How to predict lightning

Lightning strike

Lightning is impressive to behold but can pose multiple hazards. (Photo: Evgeniy1/iStock/Thinkstock)

ECMWF will soon provide global forecasts of one of the most spectacular phenomena in the atmosphere: lightning. Predictions cannot be made for individual flashes, but forecasts for average lightning activity can have useful skill up to several days ahead.

Lightning is not just awe-inspiring but can also cause considerable damage: it can trigger wildfires; disrupt air traffic; cause power outages or power surges; and damage buildings. In rare cases it can also lead to fatalities.

Lightning appears to strike at random. So how can we predict it?

The answer is: by exploiting its dependence on particular weather conditions and by averaging over sufficiently large spatial and temporal scales.

Forecasts can for example indicate the probability that the lightning flash density over a particular area and period of time will exceed a certain threshold.


Lightning flashes can cause wildfires and pose a hazard to living beings. (Photo: Vasilvich/iStock/Thinkstock)

Link with convection

“The main reason why we can predict lightning is that it is linked to particular weather conditions,” ECMWF scientist Philippe Lopez explains.

A key ingredient is intense convection: the rising of plumes of moist air in response to instability in the atmosphere, usually associated with the development of cumulonimbus clouds.

Such atmospheric conditions often involve collisions between hydrometeors such as graupel, hail, ice particles and liquid water droplets.

The collisions may cause electric charges in those particles to separate, which leads to the creation of oppositely charged layers inside the clouds.

The resulting electric fields can lead to the powerful discharges we observe as lightning.

Diagram showing charge separation in cumulonimbus cloud

Simplified diagram of the typical distribution of positive (+) and negative (–) electric charges inside a thunderstorm cloud, with associated intra-cloud (IC) and cloud-to-ground (CG) lightning flashes.

The atmospheric conditions that cause lightning are routinely predicted by today’s powerful numerical weather prediction models.

The lightning scheme developed at ECMWF uses that information to predict the density of lightning flashes over a given area and in a given period of time.

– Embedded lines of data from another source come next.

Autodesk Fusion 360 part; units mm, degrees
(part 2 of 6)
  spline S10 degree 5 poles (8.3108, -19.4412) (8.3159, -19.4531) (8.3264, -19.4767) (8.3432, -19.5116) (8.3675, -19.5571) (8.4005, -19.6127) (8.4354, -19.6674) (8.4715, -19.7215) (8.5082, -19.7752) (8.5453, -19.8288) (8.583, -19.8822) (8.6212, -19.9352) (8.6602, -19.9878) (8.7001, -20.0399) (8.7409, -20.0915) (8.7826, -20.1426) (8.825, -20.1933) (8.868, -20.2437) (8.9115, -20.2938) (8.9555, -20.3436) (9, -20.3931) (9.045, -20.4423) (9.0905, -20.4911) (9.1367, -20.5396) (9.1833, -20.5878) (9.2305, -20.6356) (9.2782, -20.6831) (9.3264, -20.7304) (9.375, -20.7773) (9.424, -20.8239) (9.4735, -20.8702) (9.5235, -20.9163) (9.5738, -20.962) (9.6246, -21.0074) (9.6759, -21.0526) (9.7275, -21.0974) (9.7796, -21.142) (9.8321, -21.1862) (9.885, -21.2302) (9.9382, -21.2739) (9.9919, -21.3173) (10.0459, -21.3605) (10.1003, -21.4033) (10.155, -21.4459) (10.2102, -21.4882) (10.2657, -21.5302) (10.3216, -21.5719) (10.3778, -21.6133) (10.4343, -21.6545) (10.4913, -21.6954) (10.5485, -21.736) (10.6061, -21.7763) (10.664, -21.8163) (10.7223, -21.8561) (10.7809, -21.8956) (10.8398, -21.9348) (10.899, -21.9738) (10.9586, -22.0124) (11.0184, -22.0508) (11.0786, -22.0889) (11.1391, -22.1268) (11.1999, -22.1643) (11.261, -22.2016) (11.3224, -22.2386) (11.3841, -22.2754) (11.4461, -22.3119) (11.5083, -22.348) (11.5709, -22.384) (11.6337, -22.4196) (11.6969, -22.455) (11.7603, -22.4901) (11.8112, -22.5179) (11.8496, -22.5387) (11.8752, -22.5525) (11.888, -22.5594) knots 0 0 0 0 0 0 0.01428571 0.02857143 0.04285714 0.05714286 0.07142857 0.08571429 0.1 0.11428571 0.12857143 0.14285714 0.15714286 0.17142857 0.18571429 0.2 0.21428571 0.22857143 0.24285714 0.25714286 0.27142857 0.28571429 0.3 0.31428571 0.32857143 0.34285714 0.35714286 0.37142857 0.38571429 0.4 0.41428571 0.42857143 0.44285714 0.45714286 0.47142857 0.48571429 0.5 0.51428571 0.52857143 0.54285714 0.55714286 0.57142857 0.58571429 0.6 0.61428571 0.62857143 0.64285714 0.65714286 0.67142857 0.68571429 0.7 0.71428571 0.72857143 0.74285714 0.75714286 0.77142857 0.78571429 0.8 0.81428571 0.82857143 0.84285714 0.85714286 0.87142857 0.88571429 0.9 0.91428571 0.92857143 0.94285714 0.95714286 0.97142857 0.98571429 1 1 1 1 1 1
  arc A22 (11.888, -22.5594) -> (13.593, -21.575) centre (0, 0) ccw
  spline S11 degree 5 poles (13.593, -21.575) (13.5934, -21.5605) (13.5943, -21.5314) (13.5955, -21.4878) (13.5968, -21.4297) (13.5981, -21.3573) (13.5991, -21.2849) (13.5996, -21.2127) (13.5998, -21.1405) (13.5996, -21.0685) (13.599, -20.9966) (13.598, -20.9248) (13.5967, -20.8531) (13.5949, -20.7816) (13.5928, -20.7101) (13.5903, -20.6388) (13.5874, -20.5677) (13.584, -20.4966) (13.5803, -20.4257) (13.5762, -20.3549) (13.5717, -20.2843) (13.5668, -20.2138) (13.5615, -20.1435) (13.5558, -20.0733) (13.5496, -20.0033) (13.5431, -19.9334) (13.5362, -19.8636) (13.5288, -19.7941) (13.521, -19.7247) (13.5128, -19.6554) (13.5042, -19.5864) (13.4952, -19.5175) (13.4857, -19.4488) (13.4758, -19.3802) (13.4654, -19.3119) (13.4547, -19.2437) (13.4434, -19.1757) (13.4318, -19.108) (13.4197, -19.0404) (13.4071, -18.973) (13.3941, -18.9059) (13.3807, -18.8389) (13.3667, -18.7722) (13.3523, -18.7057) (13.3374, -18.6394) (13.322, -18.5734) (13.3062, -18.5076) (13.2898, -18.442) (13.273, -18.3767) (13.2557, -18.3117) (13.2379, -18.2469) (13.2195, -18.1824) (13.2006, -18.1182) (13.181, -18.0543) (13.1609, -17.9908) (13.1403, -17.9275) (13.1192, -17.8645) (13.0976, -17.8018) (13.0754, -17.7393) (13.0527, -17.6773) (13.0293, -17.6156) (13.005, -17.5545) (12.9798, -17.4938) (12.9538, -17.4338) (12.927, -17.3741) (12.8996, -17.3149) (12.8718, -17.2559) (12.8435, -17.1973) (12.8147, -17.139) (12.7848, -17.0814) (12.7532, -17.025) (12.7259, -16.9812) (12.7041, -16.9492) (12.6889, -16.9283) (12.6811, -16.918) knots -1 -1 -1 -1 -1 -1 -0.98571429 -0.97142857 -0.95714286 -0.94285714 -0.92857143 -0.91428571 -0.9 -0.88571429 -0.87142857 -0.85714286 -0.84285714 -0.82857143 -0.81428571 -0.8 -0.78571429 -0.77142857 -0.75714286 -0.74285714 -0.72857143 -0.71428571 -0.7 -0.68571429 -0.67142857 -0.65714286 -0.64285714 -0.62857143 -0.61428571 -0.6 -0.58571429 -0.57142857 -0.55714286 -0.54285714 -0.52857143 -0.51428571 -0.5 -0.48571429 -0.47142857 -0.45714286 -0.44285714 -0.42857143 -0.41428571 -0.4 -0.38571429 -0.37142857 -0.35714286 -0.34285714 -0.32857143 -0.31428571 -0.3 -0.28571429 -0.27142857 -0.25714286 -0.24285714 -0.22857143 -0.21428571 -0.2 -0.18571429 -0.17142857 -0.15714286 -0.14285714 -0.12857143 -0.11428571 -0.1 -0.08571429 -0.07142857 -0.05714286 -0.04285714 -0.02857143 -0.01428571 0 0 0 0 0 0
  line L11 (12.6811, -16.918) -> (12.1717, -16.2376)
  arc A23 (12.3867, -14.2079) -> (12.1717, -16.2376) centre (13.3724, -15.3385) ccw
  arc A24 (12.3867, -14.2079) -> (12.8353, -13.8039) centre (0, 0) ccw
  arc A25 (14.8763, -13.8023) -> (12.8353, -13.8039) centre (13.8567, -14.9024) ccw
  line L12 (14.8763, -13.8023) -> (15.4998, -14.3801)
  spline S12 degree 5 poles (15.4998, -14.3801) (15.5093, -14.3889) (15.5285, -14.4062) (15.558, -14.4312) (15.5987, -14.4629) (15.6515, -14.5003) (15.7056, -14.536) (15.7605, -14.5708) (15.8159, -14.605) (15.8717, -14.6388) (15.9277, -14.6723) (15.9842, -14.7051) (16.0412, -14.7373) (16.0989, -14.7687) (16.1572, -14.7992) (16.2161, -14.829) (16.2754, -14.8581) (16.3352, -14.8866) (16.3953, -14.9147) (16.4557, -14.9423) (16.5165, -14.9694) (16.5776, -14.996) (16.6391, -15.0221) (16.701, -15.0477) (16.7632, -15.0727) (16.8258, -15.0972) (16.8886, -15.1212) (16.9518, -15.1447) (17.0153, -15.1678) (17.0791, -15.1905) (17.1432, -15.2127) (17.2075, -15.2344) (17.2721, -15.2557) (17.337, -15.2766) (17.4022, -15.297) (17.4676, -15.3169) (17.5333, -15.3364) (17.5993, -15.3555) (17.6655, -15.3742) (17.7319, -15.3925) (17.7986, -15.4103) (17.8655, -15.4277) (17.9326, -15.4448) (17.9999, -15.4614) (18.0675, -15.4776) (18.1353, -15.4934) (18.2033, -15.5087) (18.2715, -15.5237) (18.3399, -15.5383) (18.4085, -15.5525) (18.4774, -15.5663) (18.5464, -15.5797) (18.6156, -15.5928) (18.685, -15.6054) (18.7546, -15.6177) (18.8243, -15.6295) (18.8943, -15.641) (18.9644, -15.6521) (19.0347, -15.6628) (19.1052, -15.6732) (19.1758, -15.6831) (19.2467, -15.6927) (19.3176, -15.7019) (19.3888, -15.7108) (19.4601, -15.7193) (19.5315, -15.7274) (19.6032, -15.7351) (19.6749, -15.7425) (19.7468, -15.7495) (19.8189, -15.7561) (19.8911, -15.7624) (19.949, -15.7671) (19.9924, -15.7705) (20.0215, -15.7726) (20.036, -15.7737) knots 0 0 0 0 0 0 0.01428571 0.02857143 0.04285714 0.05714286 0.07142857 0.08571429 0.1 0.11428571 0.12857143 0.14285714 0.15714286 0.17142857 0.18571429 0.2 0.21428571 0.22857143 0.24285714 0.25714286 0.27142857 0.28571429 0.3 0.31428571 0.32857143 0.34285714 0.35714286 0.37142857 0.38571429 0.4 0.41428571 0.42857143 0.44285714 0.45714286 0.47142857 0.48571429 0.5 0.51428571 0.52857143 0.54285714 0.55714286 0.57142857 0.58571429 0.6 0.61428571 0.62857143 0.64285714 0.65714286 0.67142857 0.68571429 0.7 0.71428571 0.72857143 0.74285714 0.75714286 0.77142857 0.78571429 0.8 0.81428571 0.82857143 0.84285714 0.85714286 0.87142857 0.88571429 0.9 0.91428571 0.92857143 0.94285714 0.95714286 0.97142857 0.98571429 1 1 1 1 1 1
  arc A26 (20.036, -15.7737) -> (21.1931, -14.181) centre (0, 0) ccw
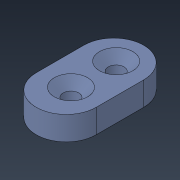
# Autodesk Inventor part: Dribbler Slider
Saved by Autodesk Inventor 2022.1 (Build 261234020, 234B)
## iProperties
Part Number: Dribbler Slider
Material: Gummi, Silikon
Document SubType Name: Modeling
Designer: rYan
Mass: 1.05946 g
Surface Area: 7.33408 cm^2
Volume: 0.847566 cm^3
Density: 1.25 g/cm^3
Appearance: Gummi - Blau
Author: rYan
Autodesk Inventor part; units mm, degrees
ref_plane "YZ Plane" through (0, 0, 0) normal (1, 0, 0) x (0, 1, 0)
ref_plane "XZ Plane" through (0, 0, 0) normal (0, 1, 0) x (-1, 0, 0)
ref_plane "XY Plane" through (0, 0, 0) normal (0, 0, 1) x (1, 0, 0)
sketch "Skizze1" plane through (0, 0, 0) normal (0, 0, 1) x (1, 0, 0)
  line L0 (0, -5) -> (0, 5) construction
  line L1 (6.3, -5) -> (6.3, 5)
  line L2 (-6.3, 5) -> (-6.3, -5)
  arc A0 (-6.3, -5) -> (6.3, -5) centre (0, -5) ccw
  arc A1 (6.3, 5) -> (-6.3, 5) centre (0, 5) ccw
  point P0 (0, 0)
  dimension "d0" = 12.6
  dimension "d1" = 10
  constraints: 8 end point, 4 point on circle, 4 tangent, 2 centre point, 1 midpoint, 1 parallel, 1 vertical
  measures "d0" diameter of A1
  measures "d1" distance of L0.start L0.end
extrude "Extrusion1" add sketch "Skizze1" along normal blind 5
sketch "Skizze2" plane through (0, 0, 5) normal (0, 0, 1) x (1, 0, 0)
  arc A0 (6.3, 5) -> (-6.3, 5) centre (0, 5) ccw projected
  arc A1 (-6.3, -5) -> (6.3, -5) centre (0, -5) ccw projected
  line L0 (0, 5.5) -> (0, -4) construction
  point P0 (0, 0)
  dimension "d11" = 9.5
  dimension "d13" = 1
  constraints: 2 end point, 1 point on line, 1 vertical
  measures "d11" distance of L0.start L0.end
  measures "d13" distance of L0.end A1.centre
hole "Bohrung1" at (0, 5.5, 5) at (0, -4, 5) direction (0, 0, -1) diameter 3.3 end through all countersink diameter 7 countersink angle 90
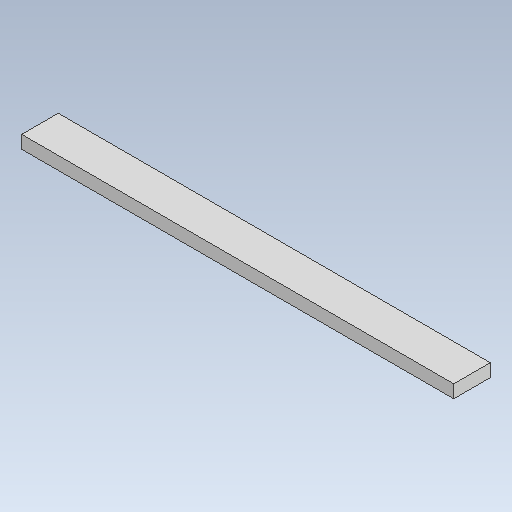
# Autodesk Inventor part: CENTREBUMP
Saved by Autodesk Inventor 2020 (Build 240168000, 168)
## iProperties
Created: 2021-01-07
Part Number: CENTREBUMP
Material: Generic
Document SubType Name: Modeling
Designer: lucky
Density: 1 g/cm^3
Appearance: Default
Mass: 1850.8 g
Surface Area: 1898.5 cm^2
Volume: 1850.8 cm^3
Author: lucky
Autodesk Inventor part; units mm, degrees
ref_plane "YZ Plane" through (0, 0, 0) normal (1, 0, 0) x (0, 1, 0)
ref_plane "XZ Plane" through (0, 0, 0) normal (0, 1, 0) x (-1, 0, 0)
ref_plane "XY Plane" through (0, 0, 0) normal (0, 0, 1) x (1, 0, 0)
sketch "Sketch1" plane through (0, 0, 0) normal (1, 0, 0) x (0, 1, 0)
  line L0 (-13.4938, -38.1) -> (13.4937, -38.1)
  line L1 (13.4937, -38.1) -> (13.4938, 38.1)
  line L2 (13.4938, 38.1) -> (-13.4937, 38.1)
  line L3 (-13.4937, 38.1) -> (-13.4938, -38.1)
  line L4 (-13.4938, -38.1) -> (13.4938, 38.1) construction
  line L5 (13.4937, -38.1) -> (-13.4937, 38.1) construction
  point P0 (0, 0)
  dimension "d0" = 26.9875
  dimension "d1" = 76.2
  constraints: 12 end point, 2 midpoint, 2 parallel, 1 horizontal, 1 perpendicular
  measures "d0" distance between parallel lines of L3 L1
  measures "d1" distance between parallel lines of L0 L2
extrude "Extrusion1" add sketch "Sketch1" against normal blind 900
body "Solid1"

“The scheme was designed in such a way that the lightning it produces globally over a whole year is in line with the lightning climatology derived from satellite observations,” Philippe says.

Maps of lightning climatology and IFS model runs

Annual mean lightning flash densities from the LIS/OTD satellite climatology (left) and from ten one-year-long ECMWF model runs (right), both at 80 km resolution.

Suitable scales

Experiments show that the forecasts for lightning to be produced by ECMWF’s Integrated Forecasting System (IFS) can have useful skill to at least day 3.

But the skill crucially depends on the size of the area and the duration for which a prediction is made.

When averaging over the next 24 hours and the whole of Europe, for example, impressive agreement with observations can be achieved.

Time series of lightning flash densities over Europe

Time series of daily mean lightning flash densities from IFS short-range forecasts (0 to 24 hours) at 16 km resolution and from UBIMET lightning detection system (LDS) ground-based observations over Europe during the summer of 2015.

Forecast quality is generally lower for smaller averaging times and areas.

“Accurately forecasting lightning on a scale of a few tens of kilometres and within an hour is still very challenging with the IFS,” Philippe says.

Probabilistic predictions

The discrete and random nature of lightning makes it particularly suitable for the probabilistic predictions provided by ensemble forecasts.

An ensemble forecast is a set of forecasts that represent the range of future weather possibilities and their likelihood of occurrence.

Ensemble forecasts can be used to create maps of the probability that lightning flash density will exceed a certain threshold.

Maps showing observed lightning flash densities and probabilistic forecast

The left-hand chart shows ATDnet observed 6-hour mean lightning flash densities on 23 June 2017 at 1800 UTC and the right-hand chart shows the probability (above 30%) that the lightning flash density will exceed 0.5 flashes/100 km2/hour at that time, according to a 66-hour ensemble forecast at 16 km resolution.

The right-hand chart shown above is an example of such a probability map. It shows locations where the probability of at least 0.5 flashes/100 km2/hour is predicted to be at least 30%.

The ATDnet lightning observations on the left-hand side show that the 66-hour forecasts provide useful guidance on the regions expected to be affected by lightning.

The lightning scheme or ‘parametrization’ developed by Philippe is part of the next upgrade of the IFS due to be implemented later this year.

Philippe’s work used lightning observations kindly provided by the UBIMET weather service, the UK Met Office, the European collaboration EUCLID, and NASA's Global Hydrology Resource Center.